Just as it was the God-given duty of parents and adults to shape children into mature adults, so England's taming of the 'savage' of the empire was also seen in the same light. Is this an attempt to link the idea of ​​the origin of man of the first book to the prophetic cry of the White Queen that something is about to happen. Rail transport marked a transition from the pastoral lifestyle to the industrial, and was embraced as the way of the future.

Another aspect of this episode that interests me is that the other passengers are non-humans, with the exception of the 'gentleman' who is interestingly dressed in white paper.

Explicating Alice's 'curious' dreams

Thus, the primary world is the author's and the secondary world is that of his or her characters. There is no gradual phasing out of the dream and absorption of the story into her secondary world. When she is called to testify (about something she knows nothing about), she forcefully informs the court of her disdain and as such incurs the wrath of the Queen of Hearts.

The fact that Alice moves between the realms of 'real' and 'unreal' during her adventures certainly confirms Little's ideas about being able to categorize three 'imaginary spaces'. Alice is blissfully unaware of the future consequences for her and the inevitability of womanhood. He wakes up to a new dream when he lands at the bottom of the twmeI (Little, 1984).

In her interaction with the Tweedle brothers, we learn that Alice may be a figment of Red K.i.JJg's imagination.

Playing with conventional time

There are other hints in the first Alice book that lead one to conclude that lunar time is the modus operandi.

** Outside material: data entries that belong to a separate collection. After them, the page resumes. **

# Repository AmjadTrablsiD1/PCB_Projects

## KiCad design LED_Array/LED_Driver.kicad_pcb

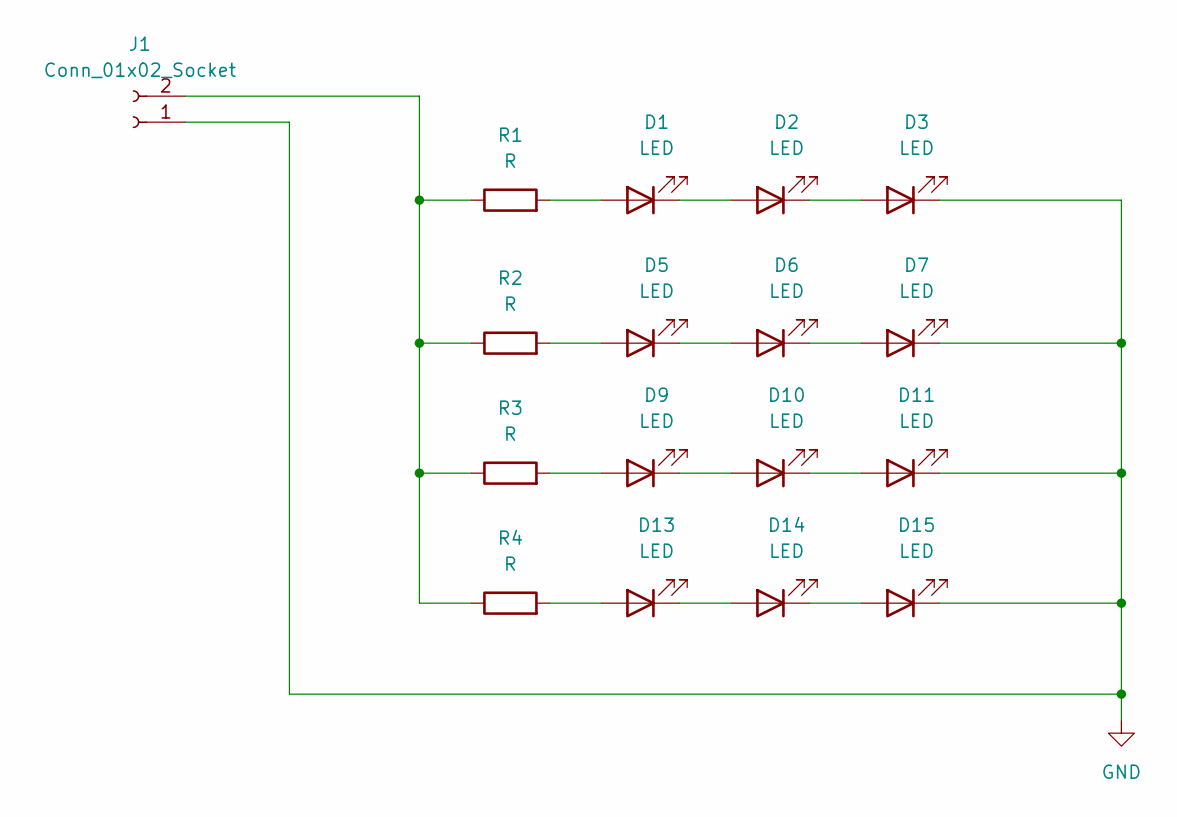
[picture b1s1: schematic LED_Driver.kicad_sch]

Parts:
D1, D2, D3, D5, D6, D7, D9, D10, D11, D13, D14, D15: LED; LED_1W_3W_R8
J1: Conn_01x02_Socket; PinSocket_1x02_P2.54mm_Vertical
R1, R2, R3, R4: R; R_1206_3216Metric_Pad1.30x1.75mm_HandSolder

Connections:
GND: D3.1 (K), D7.1 (K), D11.1 (K), D15.1 (K), J1.1
unnamed: D1.2 (A), R1.2
unnamed: D1.1 (K), D2.2 (A)
unnamed: D2.1 (K), D3.2 (A)
unnamed: D5.2 (A), R2.2
unnamed: D5.1 (K), D6.2 (A)
unnamed: D6.1 (K), D7.2 (A)
unnamed: D9.2 (A), R3.2
unnamed: D9.1 (K), D10.2 (A)
unnamed: D10.1 (K), D11.2 (A)
unnamed: D13.2 (A), R4.2
unnamed: D13.1 (K), D14.2 (A)
unnamed: D14.1 (K), D15.2 (A)
unnamed: J1.2, R1.1, R2.1, R3.1, R4.1

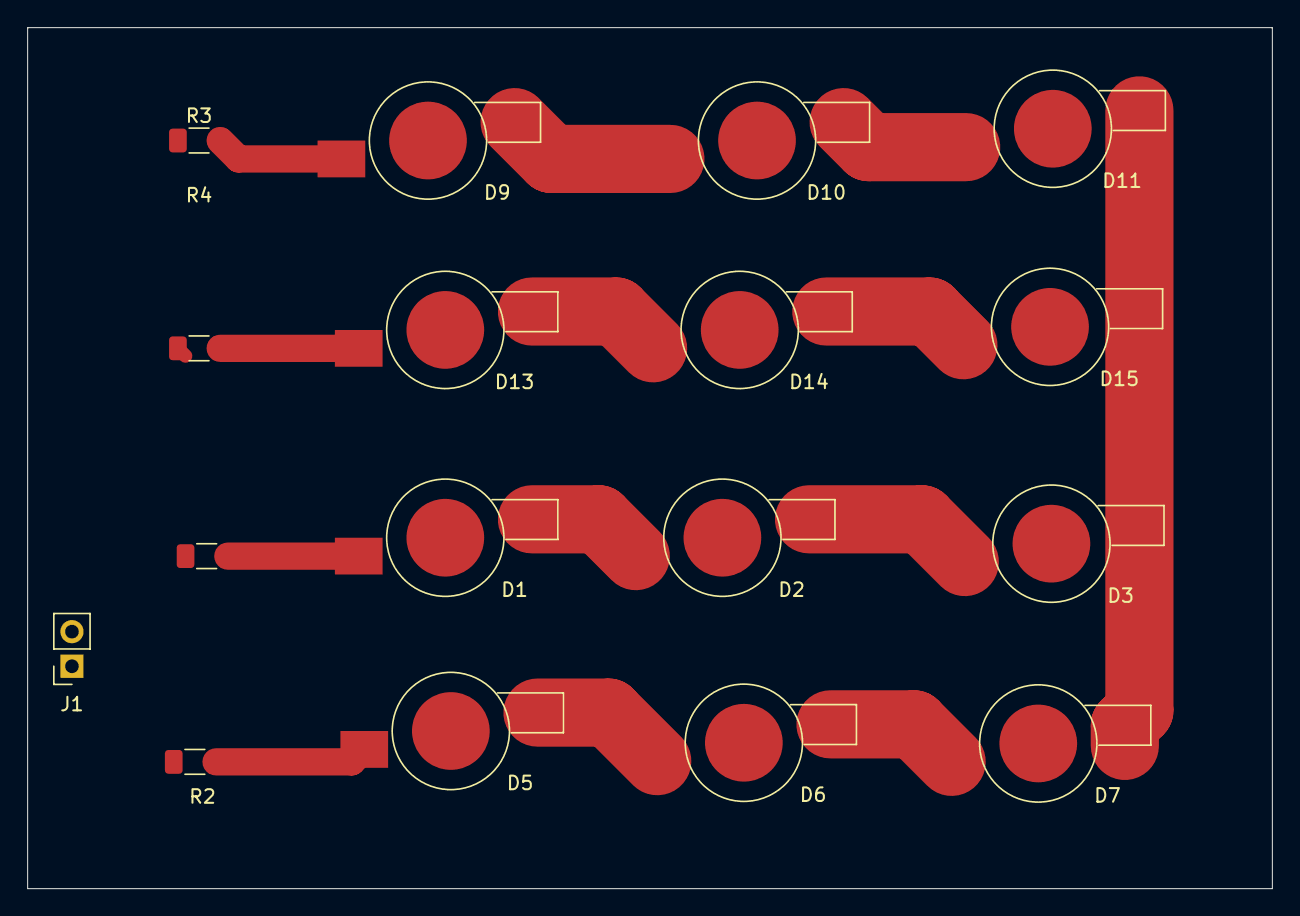
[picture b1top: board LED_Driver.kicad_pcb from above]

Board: 2 copper layers, 91.3 x 63.1 mm, 17 parts (0 on the bottom side), 14 nets.

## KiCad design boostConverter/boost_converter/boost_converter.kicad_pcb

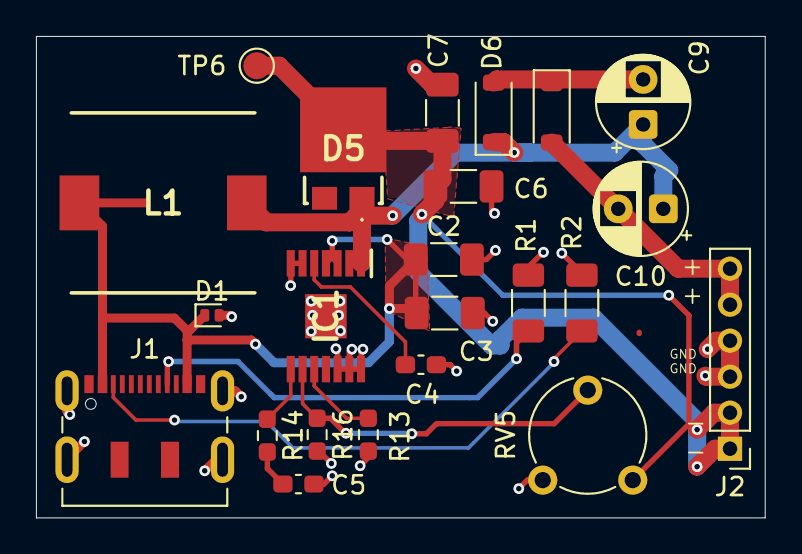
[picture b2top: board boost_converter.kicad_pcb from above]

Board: 4 copper layers, 40.5 x 26.7 mm, 23 parts (0 on the bottom side), 14 nets.

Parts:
C2, C3, C6, C7: 4u7; C_1206_3216Metric_Pad1.33x1.80mm_HandSolder
C4: 100n; C_0603_1608Metric_Pad1.08x0.95mm_HandSolder
C5: 1n; C_0603_1608Metric_Pad1.08x0.95mm_HandSolder
C9, C10: 100n; CP_Radial_D5.0mm_P2.50mm
D1: PESD5V0L1ULD; D_SOD-882D
D5: SS3P6L-E3_86A; SS3P6LE386A
D6, D7: MBR0520; D_SOD-123
IC1: TPS61175QPWPRQ1; SOP65P640X120-15N
J1: USB_C_Receptacle_PowerOnly_24P; USB_C_Receptacle_JAE_DX07S016JA1R1500
J2: Conn_01x06_Socket; PinHeader_1x06_P2.00mm_Vertical
L1: CDRH105RNP-220NC; INDPM102100X510N_Spule
R1, R2: 5k1; R_1206_3216Metric_Pad1.30x1.75mm_HandSolder
R13: 51k; R_0603_1608Metric_Pad0.98x0.95mm_HandSolder
R14: 1k; R_0603_1608Metric_Pad0.98x0.95mm_HandSolder
R16: 10K; R_0603_1608Metric_Pad0.98x0.95mm_HandSolder
RV5: R_Potentiometer; Potentiometer_Piher_PT-6-V_Vertical
TP6: TestPoint; TestPoint_Pad_D1.5mm

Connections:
5 V: C2.1, C3.1, D1.1 (K), IC1.3 (VIN), IC1.4 (EN), J1.A4 (VBUS), J1.A9 (VBUS), J1.B4 (VBUS), J1.B9 (VBUS), L1.1
25V: C6.1, C7.1, D5.3 (K), J2.1, J2.2, RV5.1, TP6.1
-25V: C10.2, D7.2 (A), J2.5, J2.6
GND: C2.2, C3.2, C4.2, C5.2, C6.2, C7.2, D1.2 (A), IC1.6 (SYNC), IC1.7 (AGND), IC1.12 (PGND_1), IC1.13 (PGND_2), IC1.14 (PGND_3), IC1.15 (EP), J2.3, J2.4, R1.2, R2.2, R13.2, R16.2, RV5.3
unnamed: C5.1, R14.2
unnamed: C9.1, C10.1, D5.1 (A_1), D6.1 (K), IC1.1 (SW_1), IC1.2 (SW_2), L1.2
unnamed: C9.2, D6.2 (A), D7.1 (K)
unnamed: IC1.8 (COMP), R14.1
unnamed: IC1.9 (FB), R16.1, RV5.2
unnamed: IC1.10 (FREQ), R13.1
unnamed: C4.1, IC1.5 (SS)
unnamed: J1.A5 (CC1), R2.1
unnamed: J1.B5 (CC2), R1.1
unnamed: J1.A1 (GND), J1.A12 (GND), J1.B1 (GND), J1.B12 (GND)

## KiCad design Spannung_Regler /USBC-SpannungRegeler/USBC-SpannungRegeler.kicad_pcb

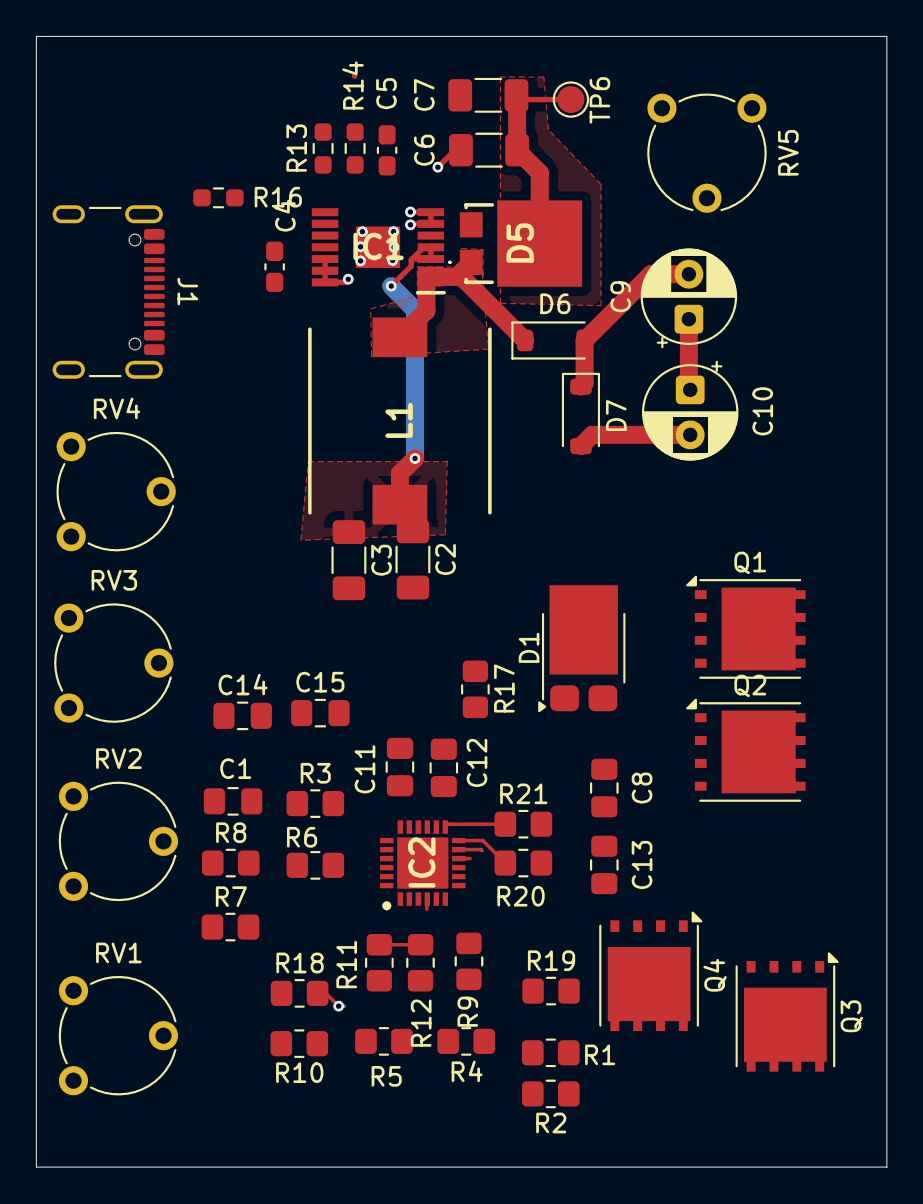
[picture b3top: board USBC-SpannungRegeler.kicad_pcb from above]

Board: 4 copper layers, 47.2 x 62.8 mm, 53 parts (0 on the bottom side), 31 nets.

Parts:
C1: 3u3; C_0805_2012Metric_Pad1.18x1.45mm_HandSolder
C2, C3, C6, C7: 4u7; C_1206_3216Metric_Pad1.33x1.80mm_HandSolder
C4: 100n; C_0603_1608Metric_Pad1.08x0.95mm_HandSolder
C5: 1n; C_0603_1608Metric_Pad1.08x0.95mm_HandSolder
C8, C11, C12, C13: 1u; C_0805_2012Metric_Pad1.18x1.45mm_HandSolder
C9, C10: 100n; CP_Radial_D5.0mm_P2.50mm
C14, C15: 0.1u; C_0805_2012Metric_Pad1.18x1.45mm_HandSolder
D1: PMEG030V050EPD; Nexperia_CFP15_SOT-1289
D5: SS3P6L-E3_86A; SS3P6LE386A
D6, D7: MBR0520; D_SOD-123
IC1: TPS61175QPWPRQ1; SOP65P640X120-15N
IC2: CYPD3177-24LQXQT
J1: USB4216-03-A; USB_C_Receptacle_GCT_USB4105-xx-A_16P_TopMnt_Horizontal
L1: CDRH105RNP-220NC; INDPM102100X510N_Spule
Q1, Q2, Q3, Q4: AON6411; AO_DFN-8-1EP_5.55x5.2mm_P1.27mm_EP4.12x4.6mm
R1, R2, R4, R5, R6, R7, R8, R11, R12, R18, R19: 1k; R_0805_2012Metric_Pad1.20x1.40mm_HandSolder
R3: 10k; R_0805_2012Metric_Pad1.20x1.40mm_HandSolder
R9: 4k7; R_0805_2012Metric_Pad1.20x1.40mm_HandSolder
R10, R17: 50k; R_0805_2012Metric_Pad1.20x1.40mm_HandSolder
R13: 51k; R_0603_1608Metric_Pad0.98x0.95mm_HandSolder
R14: 1k; R_0603_1608Metric_Pad0.98x0.95mm_HandSolder
R16: 10K; R_0603_1608Metric_Pad0.98x0.95mm_HandSolder
R20, R21: 2k2; R_0805_2012Metric_Pad1.20x1.40mm_HandSolder
RV1, RV2, RV3, RV4, RV5: R_Potentiometer; Potentiometer_Piher_PT-6-V_Vertical
TP6: TestPoint; TestPoint_Pad_D1.5mm

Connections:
5 V: C2.1, C3.1, IC1.3 (VIN), IC1.4 (EN), L1.1
25V: C6.1, C7.1, D5.3 (K), RV5.1, TP6.1
+3.3V: C12.1, C14.1, C15.1, IC2.23 (VDDD), R1.2, R4.2, R7.2, R9.1, R11.2, R20.2, R21.2, RV1.1, RV2.1, RV3.1, RV4.1
-25V: C10.2, D7.2 (A)
Coarse: IC2.5 (ISNK_COARSE), R1.1, R2.2, RV1.2
Fine: IC2.6 (ISNK_FINE), R4.1, R5.2, RV2.2
GND: C1.2, C2.2, C3.2, C4.2, C5.2, C6.2, C7.2, C11.2, C12.2, C14.2, C15.2, IC1.6 (SYNC), IC1.7 (AGND), IC1.12 (PGND_1), IC1.13 (PGND_2), IC1.14 (PGND_3), IC1.15 (EP), IC2.19 (GND_1), IC2.22 (GND_2), IC2.25 (EP), J1.A1 (GND_1), J1.B1 (GND_2), R2.1, R5.1, R8.1, R12.1, R13.2, R16.2, RV1.3, RV2.3, RV3.3, RV4.3, RV5.3
Max: IC2.2 (VBUS_MAX), R11.1, R12.2, RV3.2
Mini: IC2.1 (VBUS_MIN), R7.1, R8.2, RV4.2
unnamed: C5.1, R14.2
unnamed: D1.3 (K), Q1.1 (S), Q1.2 (S), Q1.3 (S), Q4.1 (S), Q4.2 (S), Q4.3 (S), R17.1
unnamed: C9.1, C10.1, D5.1 (A_1), D6.1 (K), IC1.1 (SW_1), IC1.2 (SW_2), L1.2
unnamed: C9.2, D6.2 (A), D7.1 (K)
unnamed: IC1.8 (COMP), R14.1
unnamed: IC1.9 (FB), R16.1, RV5.2
unnamed: IC1.10 (FREQ), R13.1
unnamed: C4.1, IC1.5 (SS)
unnamed: IC2.15 (CC1), J1.B5 (CC2)
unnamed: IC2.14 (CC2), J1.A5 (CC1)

He also argues that the illustration, in which the Cheshire Cat peers at Alice from its perch in the branches of a tree, is not random at all. In our country,' she notes, 'there is only one day at a time.' The Red Queen said, 'This is a poor way of doing things.

34;Carroll's portmanteaux are words and not gibberish, because they operate on the rule that all the coins in the poem will grow from the collapse of two familiar words into a new one. The purpose of the speakers is to exchange information; there must be fair play in the exchange (one takes one's designated turn, refrains from interrupting, etc.); there must be one. You have to learn not to make personal comments,” AJice said with some seriousness, “it's very rude.” The Hatter opened his eyes wide when he heard this; but he just said, 'Why does a raven look like a desk?' (1982, p. 55).

In the second stanza, she describes how an owl and a panther share a pie together, and the suggestion is that the owl becomes the next companion of its companion.

Bibliography

Primary Source

Secondary Sources

The Idea of ​​the Gentleman in the Victorian NoveL London: George AIlen & Unwin Publishers Ltd.